■ Data for review ■
+++++

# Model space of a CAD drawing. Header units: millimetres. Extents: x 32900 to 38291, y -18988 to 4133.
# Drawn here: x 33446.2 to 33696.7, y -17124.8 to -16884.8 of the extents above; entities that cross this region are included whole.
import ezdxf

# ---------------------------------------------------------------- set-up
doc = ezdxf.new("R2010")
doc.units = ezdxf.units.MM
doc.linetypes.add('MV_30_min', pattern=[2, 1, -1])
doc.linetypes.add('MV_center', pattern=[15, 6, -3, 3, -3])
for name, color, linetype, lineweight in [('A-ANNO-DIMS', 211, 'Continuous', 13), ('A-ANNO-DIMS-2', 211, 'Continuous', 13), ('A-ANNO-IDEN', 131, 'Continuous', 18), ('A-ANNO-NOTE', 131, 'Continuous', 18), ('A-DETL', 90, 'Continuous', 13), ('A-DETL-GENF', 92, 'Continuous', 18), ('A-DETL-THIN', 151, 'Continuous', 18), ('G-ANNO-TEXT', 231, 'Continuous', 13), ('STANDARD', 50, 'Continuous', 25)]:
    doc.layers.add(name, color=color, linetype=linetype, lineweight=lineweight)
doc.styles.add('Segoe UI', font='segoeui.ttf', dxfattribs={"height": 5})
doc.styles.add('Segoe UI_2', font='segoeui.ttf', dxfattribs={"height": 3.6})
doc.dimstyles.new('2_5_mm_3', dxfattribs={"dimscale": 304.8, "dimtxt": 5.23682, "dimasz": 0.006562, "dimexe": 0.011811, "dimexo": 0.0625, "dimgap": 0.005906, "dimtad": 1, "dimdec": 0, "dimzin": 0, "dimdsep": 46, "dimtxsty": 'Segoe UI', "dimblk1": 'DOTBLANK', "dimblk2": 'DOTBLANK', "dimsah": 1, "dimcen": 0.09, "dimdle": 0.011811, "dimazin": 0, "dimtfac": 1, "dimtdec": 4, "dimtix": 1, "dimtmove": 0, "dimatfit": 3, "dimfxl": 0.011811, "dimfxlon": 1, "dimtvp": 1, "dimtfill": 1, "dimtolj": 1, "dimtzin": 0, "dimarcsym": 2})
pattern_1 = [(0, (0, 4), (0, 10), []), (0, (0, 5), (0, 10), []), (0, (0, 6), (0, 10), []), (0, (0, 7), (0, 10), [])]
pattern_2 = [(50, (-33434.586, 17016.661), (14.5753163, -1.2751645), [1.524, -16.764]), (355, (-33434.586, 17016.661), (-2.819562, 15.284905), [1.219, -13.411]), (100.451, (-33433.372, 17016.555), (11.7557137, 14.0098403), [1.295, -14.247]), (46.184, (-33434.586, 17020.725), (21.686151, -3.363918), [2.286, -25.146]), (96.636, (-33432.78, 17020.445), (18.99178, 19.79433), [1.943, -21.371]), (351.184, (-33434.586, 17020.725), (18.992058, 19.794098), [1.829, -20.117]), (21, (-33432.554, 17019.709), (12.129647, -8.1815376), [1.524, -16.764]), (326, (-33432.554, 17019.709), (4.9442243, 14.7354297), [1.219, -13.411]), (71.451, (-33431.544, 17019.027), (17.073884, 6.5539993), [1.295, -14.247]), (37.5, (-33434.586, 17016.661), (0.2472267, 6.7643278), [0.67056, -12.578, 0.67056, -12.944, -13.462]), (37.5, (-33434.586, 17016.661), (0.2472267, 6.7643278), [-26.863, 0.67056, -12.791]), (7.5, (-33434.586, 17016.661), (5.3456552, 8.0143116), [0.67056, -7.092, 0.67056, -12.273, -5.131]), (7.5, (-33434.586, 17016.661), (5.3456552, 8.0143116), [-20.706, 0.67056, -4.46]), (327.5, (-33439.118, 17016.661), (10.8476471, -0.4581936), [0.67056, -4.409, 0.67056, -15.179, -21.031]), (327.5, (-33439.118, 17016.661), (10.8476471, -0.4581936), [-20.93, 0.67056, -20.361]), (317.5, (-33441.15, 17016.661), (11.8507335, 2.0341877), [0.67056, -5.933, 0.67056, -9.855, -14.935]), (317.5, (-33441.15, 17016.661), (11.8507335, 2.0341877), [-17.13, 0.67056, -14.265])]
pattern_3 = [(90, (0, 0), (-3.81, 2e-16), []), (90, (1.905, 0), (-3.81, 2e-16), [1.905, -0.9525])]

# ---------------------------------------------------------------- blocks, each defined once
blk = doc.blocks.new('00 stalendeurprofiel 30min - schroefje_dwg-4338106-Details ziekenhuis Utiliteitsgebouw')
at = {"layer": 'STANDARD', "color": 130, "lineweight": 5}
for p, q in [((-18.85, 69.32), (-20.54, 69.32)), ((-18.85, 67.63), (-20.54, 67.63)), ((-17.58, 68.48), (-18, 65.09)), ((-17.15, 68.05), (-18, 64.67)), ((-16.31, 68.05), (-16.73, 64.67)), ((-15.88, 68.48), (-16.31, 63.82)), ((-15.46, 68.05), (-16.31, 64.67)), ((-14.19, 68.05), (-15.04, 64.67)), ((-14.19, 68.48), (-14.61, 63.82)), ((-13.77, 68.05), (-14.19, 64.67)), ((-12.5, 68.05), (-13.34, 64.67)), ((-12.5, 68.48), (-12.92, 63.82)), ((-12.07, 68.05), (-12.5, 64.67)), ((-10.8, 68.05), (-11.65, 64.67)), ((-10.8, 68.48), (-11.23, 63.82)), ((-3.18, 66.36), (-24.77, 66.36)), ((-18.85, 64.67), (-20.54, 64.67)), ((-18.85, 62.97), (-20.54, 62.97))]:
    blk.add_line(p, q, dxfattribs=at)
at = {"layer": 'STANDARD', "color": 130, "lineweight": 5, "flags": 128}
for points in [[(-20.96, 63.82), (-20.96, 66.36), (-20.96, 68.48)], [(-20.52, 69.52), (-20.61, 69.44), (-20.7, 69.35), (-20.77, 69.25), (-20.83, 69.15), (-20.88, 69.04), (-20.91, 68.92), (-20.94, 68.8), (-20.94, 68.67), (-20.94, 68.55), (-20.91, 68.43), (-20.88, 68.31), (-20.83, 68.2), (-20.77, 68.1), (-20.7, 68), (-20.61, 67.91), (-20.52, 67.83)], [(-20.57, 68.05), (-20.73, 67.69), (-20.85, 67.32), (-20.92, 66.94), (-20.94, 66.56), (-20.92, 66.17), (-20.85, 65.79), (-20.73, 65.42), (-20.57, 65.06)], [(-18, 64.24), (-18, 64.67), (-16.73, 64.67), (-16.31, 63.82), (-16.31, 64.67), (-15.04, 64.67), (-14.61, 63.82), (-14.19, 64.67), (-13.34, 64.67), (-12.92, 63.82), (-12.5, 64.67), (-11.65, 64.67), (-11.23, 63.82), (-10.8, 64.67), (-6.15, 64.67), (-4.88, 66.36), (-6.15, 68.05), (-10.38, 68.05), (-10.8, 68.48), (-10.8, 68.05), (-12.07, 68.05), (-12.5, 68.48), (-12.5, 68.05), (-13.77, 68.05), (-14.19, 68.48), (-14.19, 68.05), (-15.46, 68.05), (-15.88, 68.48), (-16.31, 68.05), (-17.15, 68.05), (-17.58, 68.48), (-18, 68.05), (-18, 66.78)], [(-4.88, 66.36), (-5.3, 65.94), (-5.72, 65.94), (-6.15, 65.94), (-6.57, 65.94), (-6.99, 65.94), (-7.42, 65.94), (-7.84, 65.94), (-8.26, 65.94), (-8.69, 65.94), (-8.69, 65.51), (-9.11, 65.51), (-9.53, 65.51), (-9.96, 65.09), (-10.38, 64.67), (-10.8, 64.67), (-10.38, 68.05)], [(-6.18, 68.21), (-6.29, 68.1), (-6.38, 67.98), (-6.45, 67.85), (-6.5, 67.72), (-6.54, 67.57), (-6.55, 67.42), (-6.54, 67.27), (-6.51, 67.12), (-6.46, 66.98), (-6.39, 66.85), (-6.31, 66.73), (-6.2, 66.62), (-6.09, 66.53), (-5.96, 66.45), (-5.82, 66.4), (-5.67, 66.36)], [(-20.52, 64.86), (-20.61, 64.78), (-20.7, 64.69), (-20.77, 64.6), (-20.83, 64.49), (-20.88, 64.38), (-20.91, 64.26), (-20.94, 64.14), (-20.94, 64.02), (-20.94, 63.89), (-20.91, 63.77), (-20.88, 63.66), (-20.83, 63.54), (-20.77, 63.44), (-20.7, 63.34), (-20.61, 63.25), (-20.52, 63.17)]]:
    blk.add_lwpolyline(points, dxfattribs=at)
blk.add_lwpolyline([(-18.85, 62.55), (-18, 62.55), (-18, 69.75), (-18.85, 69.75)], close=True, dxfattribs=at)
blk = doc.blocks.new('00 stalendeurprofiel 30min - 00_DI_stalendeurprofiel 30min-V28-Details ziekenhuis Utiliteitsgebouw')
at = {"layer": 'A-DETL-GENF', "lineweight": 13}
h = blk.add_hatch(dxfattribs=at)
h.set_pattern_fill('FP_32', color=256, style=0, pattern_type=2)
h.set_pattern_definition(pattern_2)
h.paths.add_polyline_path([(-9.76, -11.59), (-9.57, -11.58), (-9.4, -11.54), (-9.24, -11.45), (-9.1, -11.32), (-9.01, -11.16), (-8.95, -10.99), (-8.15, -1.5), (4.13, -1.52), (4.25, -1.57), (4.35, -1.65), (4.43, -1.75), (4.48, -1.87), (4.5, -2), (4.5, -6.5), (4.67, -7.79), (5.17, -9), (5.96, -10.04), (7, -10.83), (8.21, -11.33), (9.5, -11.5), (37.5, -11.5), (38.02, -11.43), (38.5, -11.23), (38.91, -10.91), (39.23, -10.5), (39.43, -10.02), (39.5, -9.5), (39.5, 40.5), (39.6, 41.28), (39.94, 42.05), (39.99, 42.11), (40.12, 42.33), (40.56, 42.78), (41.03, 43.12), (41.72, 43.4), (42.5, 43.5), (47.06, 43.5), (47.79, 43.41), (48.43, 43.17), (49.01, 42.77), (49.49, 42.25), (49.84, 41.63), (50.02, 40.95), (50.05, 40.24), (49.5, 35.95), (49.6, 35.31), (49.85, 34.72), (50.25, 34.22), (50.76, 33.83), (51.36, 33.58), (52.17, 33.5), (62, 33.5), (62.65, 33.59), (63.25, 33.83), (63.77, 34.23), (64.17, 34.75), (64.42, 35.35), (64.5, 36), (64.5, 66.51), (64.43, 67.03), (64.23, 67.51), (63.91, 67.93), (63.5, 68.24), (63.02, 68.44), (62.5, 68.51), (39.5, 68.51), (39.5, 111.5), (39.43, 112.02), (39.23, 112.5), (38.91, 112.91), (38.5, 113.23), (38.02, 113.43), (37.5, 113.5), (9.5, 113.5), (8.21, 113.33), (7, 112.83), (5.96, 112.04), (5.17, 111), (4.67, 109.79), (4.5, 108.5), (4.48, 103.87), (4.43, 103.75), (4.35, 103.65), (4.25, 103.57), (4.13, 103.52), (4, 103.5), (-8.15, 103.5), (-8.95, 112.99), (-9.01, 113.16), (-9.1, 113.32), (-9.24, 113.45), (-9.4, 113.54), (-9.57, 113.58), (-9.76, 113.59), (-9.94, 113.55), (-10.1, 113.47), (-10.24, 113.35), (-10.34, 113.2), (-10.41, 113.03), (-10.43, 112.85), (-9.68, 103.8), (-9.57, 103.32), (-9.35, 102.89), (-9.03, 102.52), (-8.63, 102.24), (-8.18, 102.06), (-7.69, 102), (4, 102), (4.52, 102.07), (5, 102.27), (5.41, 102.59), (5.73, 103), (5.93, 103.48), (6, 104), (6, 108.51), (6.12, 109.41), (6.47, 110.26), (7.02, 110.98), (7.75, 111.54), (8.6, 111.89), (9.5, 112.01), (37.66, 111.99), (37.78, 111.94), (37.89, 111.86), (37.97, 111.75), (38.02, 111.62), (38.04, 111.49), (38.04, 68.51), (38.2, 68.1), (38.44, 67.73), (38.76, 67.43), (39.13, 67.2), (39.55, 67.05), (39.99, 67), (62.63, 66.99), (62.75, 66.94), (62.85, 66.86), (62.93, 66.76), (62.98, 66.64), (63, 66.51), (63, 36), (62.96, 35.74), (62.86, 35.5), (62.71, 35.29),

+++++

■ Directions for this task ■
The required output is the exact run of lines from the beginning of the listing above to the line that contains "for name, color, linetype, lineweight", inclusive of both.

■ Solution below ■
# Model space of a CAD drawing. Header units: millimetres. Extents: x 32900 to 38291, y -18988 to 4133.
# Drawn here: x 33446.2 to 33696.7, y -17124.8 to -16884.8 of the extents above; entities that cross this region are included whole.
import ezdxf

# ---------------------------------------------------------------- set-up
doc = ezdxf.new("R2010")
doc.units = ezdxf.units.MM
doc.linetypes.add('MV_30_min', pattern=[2, 1, -1])
doc.linetypes.add('MV_center', pattern=[15, 6, -3, 3, -3])
for name, color, linetype, lineweight in [('A-ANNO-DIMS', 211, 'Continuous', 13), ('A-ANNO-DIMS-2', 211, 'Continuous', 13), ('A-ANNO-IDEN', 131, 'Continuous', 18), ('A-ANNO-NOTE', 131, 'Continuous', 18), ('A-DETL', 90, 'Continuous', 13), ('A-DETL-GENF', 92, 'Continuous', 18), ('A-DETL-THIN', 151, 'Continuous', 18), ('G-ANNO-TEXT', 231, 'Continuous', 13), ('STANDARD', 50, 'Continuous', 25)]:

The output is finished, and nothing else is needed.